WHAT IS REQUIRED
Please restate each line of the data that follows word for word, skipping any image.

MATERIAL SHOWN
Start of Block
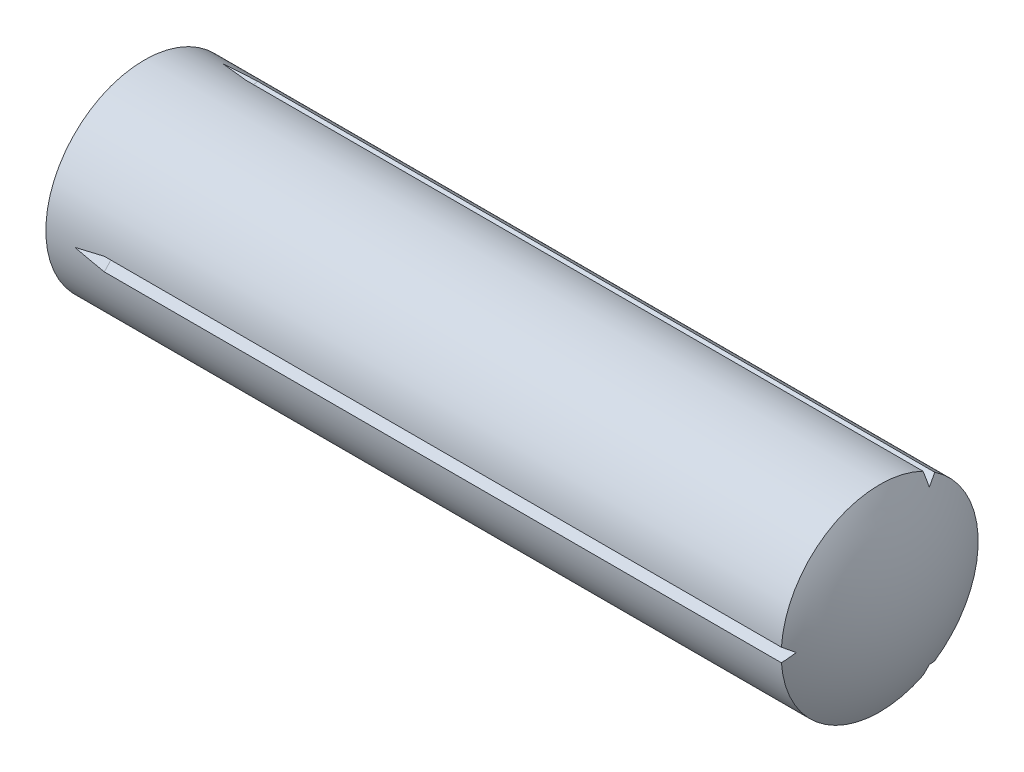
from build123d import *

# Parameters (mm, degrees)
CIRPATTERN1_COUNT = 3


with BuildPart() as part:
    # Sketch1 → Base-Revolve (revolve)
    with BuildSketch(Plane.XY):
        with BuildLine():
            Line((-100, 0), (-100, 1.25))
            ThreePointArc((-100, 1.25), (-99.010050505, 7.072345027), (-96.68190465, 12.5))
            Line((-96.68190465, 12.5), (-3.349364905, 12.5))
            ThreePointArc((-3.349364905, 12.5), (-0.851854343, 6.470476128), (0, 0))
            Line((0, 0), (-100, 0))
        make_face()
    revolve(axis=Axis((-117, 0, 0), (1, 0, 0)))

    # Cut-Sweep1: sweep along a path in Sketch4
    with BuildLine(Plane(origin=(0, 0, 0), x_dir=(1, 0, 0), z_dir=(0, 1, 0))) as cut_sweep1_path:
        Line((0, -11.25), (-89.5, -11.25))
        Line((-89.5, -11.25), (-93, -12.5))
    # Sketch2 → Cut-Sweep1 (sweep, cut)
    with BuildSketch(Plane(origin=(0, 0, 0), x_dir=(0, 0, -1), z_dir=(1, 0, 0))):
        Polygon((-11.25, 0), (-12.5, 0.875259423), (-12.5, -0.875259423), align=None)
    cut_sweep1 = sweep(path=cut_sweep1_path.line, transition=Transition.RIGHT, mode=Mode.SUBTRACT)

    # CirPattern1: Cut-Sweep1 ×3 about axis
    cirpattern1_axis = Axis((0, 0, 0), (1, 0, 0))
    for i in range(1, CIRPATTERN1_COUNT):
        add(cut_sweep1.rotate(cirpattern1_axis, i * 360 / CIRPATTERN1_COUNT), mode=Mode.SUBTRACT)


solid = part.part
End of Block
EXERCISE RESULT
from build123d import *

# Parameters (mm, degrees)
CIRPATTERN1_COUNT = 3


with BuildPart() as part:
    # Sketch1 → Base-Revolve (revolve)
    with BuildSketch(Plane.XY):
        with BuildLine():
            Line((-100, 0), (-100, 1.25))
            ThreePointArc((-100, 1.25), (-99.010050505, 7.072345027), (-96.68190465, 12.5))
            Line((-96.68190465, 12.5), (-3.349364905, 12.5))
            ThreePointArc((-3.349364905, 12.5), (-0.851854343, 6.470476128), (0, 0))
            Line((0, 0), (-100, 0))
        make_face()
    revolve(axis=Axis((-117, 0, 0), (1, 0, 0)))

    # Cut-Sweep1: sweep along a path in Sketch4
    with BuildLine(Plane(origin=(0, 0, 0), x_dir=(1, 0, 0), z_dir=(0, 1, 0))) as cut_sweep1_path:
        Line((0, -11.25), (-89.5, -11.25))
        Line((-89.5, -11.25), (-93, -12.5))
    # Sketch2 → Cut-Sweep1 (sweep, cut)
    with BuildSketch(Plane(origin=(0, 0, 0), x_dir=(0, 0, -1), z_dir=(1, 0, 0))):
        Polygon((-11.25, 0), (-12.5, 0.875259423), (-12.5, -0.875259423), align=None)
    cut_sweep1 = sweep(path=cut_sweep1_path.line, transition=Transition.RIGHT, mode=Mode.SUBTRACT)

    # CirPattern1: Cut-Sweep1 ×3 about axis
    cirpattern1_axis = Axis((0, 0, 0), (1, 0, 0))
    for i in range(1, CIRPATTERN1_COUNT):
        add(cut_sweep1.rotate(cirpattern1_axis, i * 360 / CIRPATTERN1_COUNT), mode=Mode.SUBTRACT)


solid = part.part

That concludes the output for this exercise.